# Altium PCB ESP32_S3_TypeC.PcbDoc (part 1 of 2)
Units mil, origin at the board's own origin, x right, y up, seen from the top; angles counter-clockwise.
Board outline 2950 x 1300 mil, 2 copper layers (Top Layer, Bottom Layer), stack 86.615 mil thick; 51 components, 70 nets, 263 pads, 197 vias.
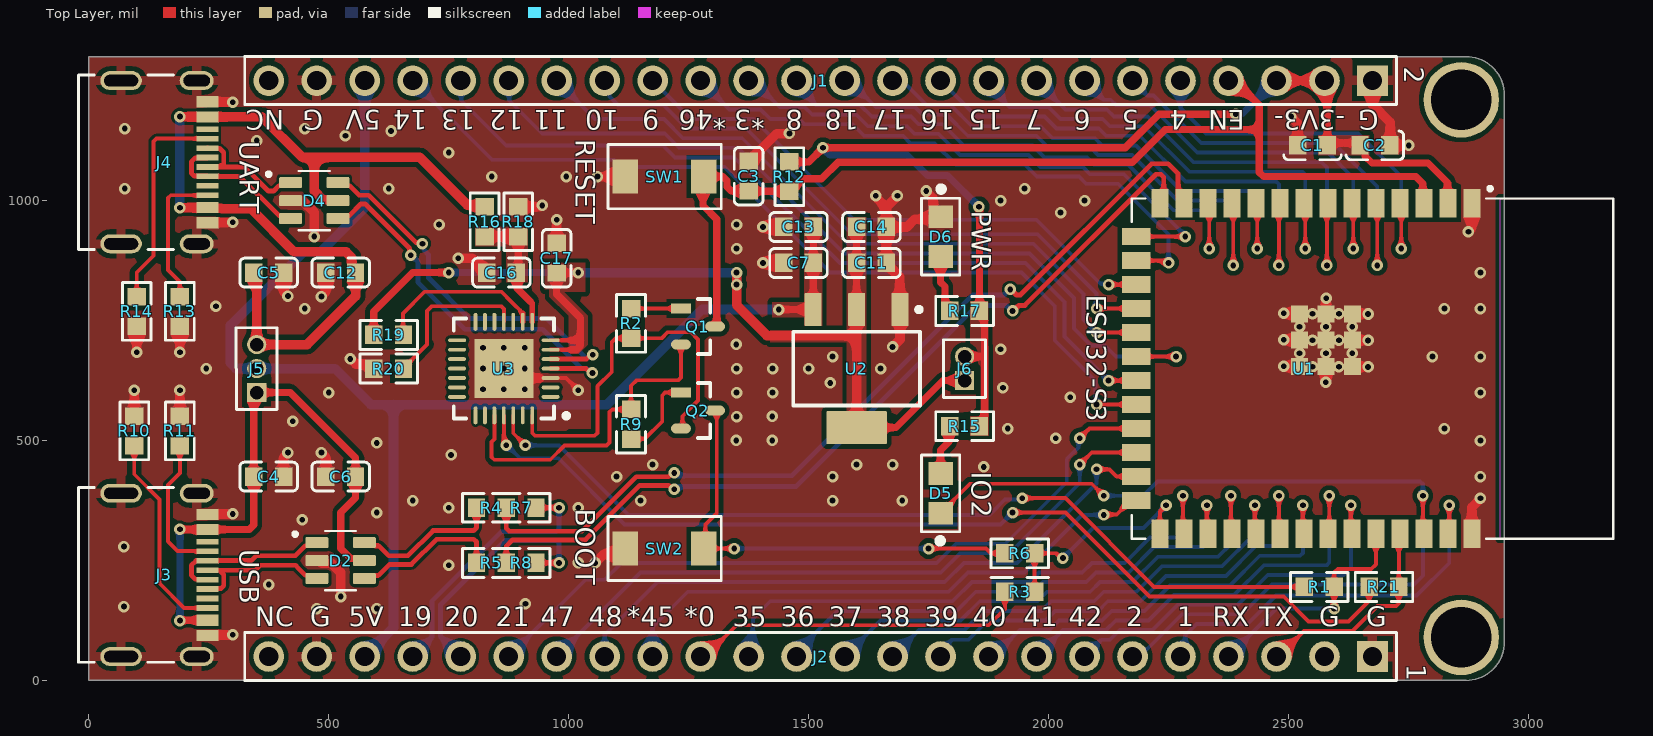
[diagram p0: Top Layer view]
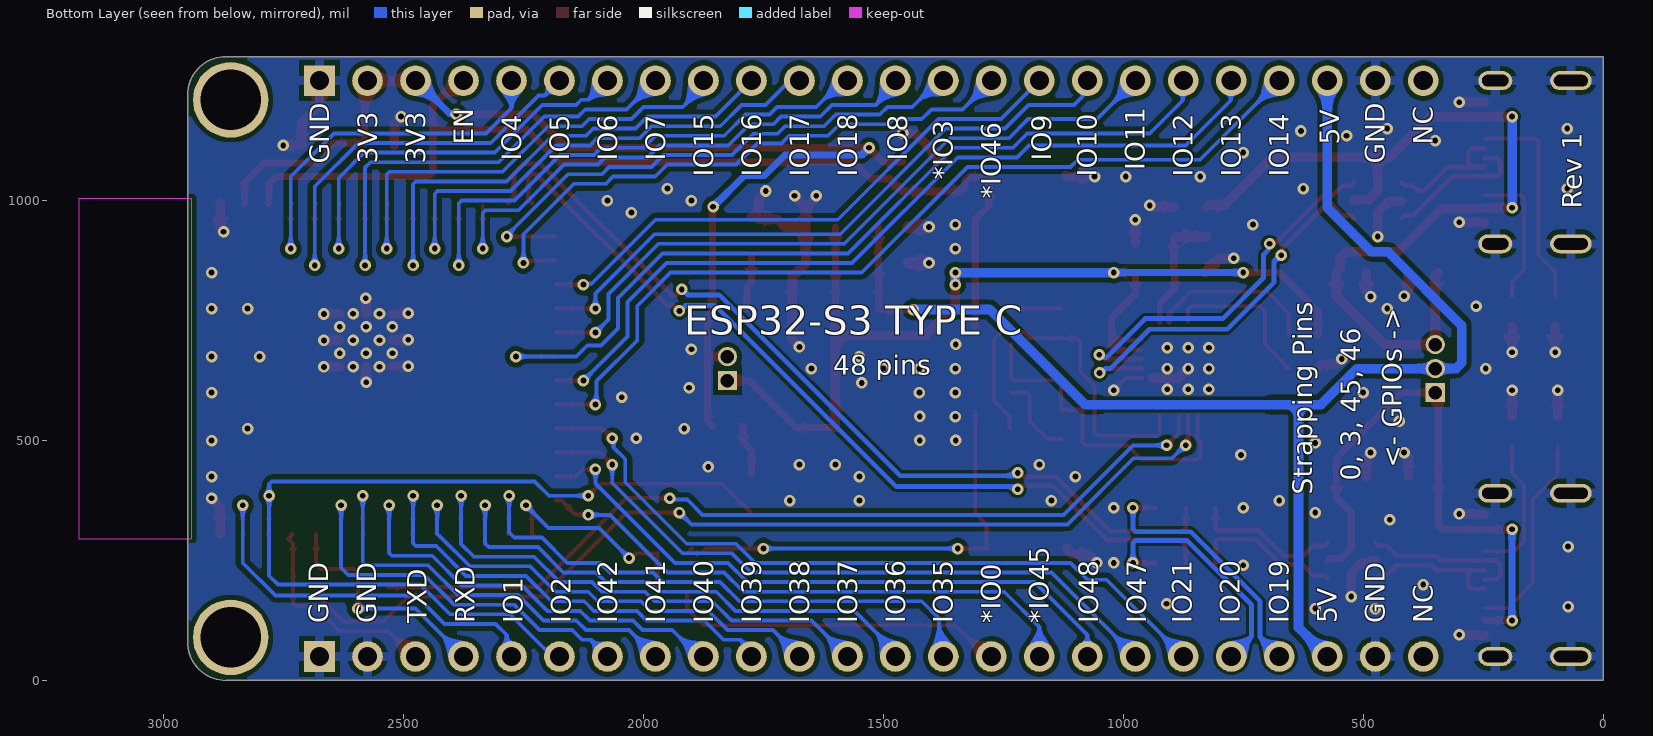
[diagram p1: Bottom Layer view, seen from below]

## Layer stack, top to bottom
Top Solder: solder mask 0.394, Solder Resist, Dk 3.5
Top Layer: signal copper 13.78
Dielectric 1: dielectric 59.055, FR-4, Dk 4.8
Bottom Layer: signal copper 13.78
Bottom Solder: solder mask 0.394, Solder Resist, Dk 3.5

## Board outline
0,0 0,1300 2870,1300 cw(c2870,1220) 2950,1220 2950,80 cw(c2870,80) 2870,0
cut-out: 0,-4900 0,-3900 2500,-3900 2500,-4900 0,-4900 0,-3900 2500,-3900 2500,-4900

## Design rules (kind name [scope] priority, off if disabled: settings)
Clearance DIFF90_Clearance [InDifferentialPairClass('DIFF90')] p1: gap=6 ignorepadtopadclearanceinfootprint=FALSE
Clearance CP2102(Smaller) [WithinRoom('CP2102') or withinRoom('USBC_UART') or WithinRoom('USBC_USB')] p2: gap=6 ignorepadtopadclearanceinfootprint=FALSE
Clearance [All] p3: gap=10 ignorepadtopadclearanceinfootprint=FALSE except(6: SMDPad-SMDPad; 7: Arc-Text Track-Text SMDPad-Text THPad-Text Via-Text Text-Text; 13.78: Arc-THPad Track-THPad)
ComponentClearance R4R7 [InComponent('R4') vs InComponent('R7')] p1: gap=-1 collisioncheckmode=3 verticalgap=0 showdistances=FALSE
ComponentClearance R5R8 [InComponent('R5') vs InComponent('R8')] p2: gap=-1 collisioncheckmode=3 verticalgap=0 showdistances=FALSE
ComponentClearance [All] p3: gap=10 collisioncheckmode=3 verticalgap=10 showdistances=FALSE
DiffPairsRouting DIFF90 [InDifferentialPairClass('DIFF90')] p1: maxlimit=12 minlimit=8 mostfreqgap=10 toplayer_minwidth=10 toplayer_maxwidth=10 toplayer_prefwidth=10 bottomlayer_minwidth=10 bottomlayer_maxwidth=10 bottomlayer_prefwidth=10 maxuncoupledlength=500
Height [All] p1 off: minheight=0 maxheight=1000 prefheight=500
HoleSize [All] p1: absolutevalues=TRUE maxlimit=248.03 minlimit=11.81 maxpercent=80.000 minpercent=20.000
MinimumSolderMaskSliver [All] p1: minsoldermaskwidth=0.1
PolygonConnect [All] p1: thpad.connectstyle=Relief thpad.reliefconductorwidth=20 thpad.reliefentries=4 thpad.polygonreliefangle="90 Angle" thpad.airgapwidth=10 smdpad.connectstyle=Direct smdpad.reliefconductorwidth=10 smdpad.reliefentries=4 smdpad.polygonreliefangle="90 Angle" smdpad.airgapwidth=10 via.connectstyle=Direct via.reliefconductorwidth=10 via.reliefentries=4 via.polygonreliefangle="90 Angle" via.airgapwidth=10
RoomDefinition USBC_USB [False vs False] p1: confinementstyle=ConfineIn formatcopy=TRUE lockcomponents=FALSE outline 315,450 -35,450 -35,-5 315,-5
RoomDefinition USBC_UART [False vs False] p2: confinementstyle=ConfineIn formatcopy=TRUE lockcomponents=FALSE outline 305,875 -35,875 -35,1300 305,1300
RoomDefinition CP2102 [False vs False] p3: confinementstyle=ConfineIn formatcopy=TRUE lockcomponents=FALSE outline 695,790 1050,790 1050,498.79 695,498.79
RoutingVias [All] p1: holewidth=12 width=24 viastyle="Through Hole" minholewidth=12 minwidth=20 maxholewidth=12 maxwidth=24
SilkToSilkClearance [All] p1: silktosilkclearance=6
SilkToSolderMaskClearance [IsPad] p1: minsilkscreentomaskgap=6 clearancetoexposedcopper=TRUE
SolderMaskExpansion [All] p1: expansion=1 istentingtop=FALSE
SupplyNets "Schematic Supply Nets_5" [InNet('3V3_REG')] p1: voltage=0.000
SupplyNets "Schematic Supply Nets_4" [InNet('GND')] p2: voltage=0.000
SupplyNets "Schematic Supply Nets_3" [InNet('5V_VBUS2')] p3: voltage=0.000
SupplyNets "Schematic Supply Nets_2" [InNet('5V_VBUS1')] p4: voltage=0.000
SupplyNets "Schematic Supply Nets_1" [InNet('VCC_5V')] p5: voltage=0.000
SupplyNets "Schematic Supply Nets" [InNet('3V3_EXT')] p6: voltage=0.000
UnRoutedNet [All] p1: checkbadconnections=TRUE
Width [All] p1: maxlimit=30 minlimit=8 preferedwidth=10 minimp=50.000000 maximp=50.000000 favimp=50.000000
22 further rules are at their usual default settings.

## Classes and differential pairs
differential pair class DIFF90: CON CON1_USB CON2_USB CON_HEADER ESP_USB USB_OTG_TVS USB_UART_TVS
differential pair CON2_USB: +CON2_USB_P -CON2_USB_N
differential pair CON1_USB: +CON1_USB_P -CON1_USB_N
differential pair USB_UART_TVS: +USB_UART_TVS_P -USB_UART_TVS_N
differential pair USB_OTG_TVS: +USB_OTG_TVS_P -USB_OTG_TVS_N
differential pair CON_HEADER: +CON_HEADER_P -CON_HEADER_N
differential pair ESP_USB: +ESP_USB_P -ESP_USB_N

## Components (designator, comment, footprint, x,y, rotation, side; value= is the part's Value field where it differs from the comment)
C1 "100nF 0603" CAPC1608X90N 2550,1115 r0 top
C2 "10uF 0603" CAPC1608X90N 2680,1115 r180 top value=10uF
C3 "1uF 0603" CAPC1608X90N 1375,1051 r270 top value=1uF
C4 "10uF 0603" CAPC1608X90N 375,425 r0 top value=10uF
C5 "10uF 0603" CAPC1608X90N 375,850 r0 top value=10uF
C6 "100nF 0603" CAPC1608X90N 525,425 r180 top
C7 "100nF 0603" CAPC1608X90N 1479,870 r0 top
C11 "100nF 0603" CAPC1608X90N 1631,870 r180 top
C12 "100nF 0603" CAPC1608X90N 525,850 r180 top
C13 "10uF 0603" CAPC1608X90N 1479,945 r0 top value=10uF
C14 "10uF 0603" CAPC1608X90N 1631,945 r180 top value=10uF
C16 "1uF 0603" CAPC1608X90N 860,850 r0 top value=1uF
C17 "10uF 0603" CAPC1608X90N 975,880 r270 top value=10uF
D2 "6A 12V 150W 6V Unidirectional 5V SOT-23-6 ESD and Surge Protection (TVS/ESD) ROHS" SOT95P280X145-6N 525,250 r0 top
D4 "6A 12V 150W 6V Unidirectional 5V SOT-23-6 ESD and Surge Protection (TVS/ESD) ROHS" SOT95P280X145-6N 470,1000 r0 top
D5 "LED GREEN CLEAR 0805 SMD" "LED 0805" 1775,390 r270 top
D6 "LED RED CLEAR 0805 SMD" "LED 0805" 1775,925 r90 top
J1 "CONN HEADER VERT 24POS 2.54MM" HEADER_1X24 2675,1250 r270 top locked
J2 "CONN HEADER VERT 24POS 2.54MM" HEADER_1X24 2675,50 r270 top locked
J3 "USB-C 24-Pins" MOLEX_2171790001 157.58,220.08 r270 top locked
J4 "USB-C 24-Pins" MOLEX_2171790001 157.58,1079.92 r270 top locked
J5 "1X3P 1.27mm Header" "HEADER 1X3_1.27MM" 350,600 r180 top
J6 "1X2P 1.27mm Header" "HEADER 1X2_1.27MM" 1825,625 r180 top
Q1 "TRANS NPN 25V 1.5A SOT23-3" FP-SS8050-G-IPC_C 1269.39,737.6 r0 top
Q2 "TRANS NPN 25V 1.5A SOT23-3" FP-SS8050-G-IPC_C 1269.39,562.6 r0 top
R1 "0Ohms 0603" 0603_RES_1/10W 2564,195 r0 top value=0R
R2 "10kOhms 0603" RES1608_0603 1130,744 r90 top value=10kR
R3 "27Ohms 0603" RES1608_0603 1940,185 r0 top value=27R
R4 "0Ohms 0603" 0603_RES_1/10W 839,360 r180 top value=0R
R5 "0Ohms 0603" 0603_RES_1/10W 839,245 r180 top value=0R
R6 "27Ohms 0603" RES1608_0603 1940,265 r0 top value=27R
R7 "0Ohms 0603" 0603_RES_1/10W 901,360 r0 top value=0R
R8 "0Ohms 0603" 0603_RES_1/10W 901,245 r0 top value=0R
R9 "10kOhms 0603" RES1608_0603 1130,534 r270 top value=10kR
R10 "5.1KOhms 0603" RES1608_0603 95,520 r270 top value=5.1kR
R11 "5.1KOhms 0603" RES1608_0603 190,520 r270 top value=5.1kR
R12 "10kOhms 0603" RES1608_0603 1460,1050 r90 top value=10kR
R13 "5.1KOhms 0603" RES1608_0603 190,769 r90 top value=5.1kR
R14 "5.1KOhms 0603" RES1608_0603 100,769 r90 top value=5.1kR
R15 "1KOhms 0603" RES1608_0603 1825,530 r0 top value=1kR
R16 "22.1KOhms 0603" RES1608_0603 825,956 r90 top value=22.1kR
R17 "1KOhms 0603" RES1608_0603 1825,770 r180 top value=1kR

■ ■ ■ ■

The problem
Go through the data above and count the lines that hold "SupplyNets". Respond with the number and no other words.

Finished task
6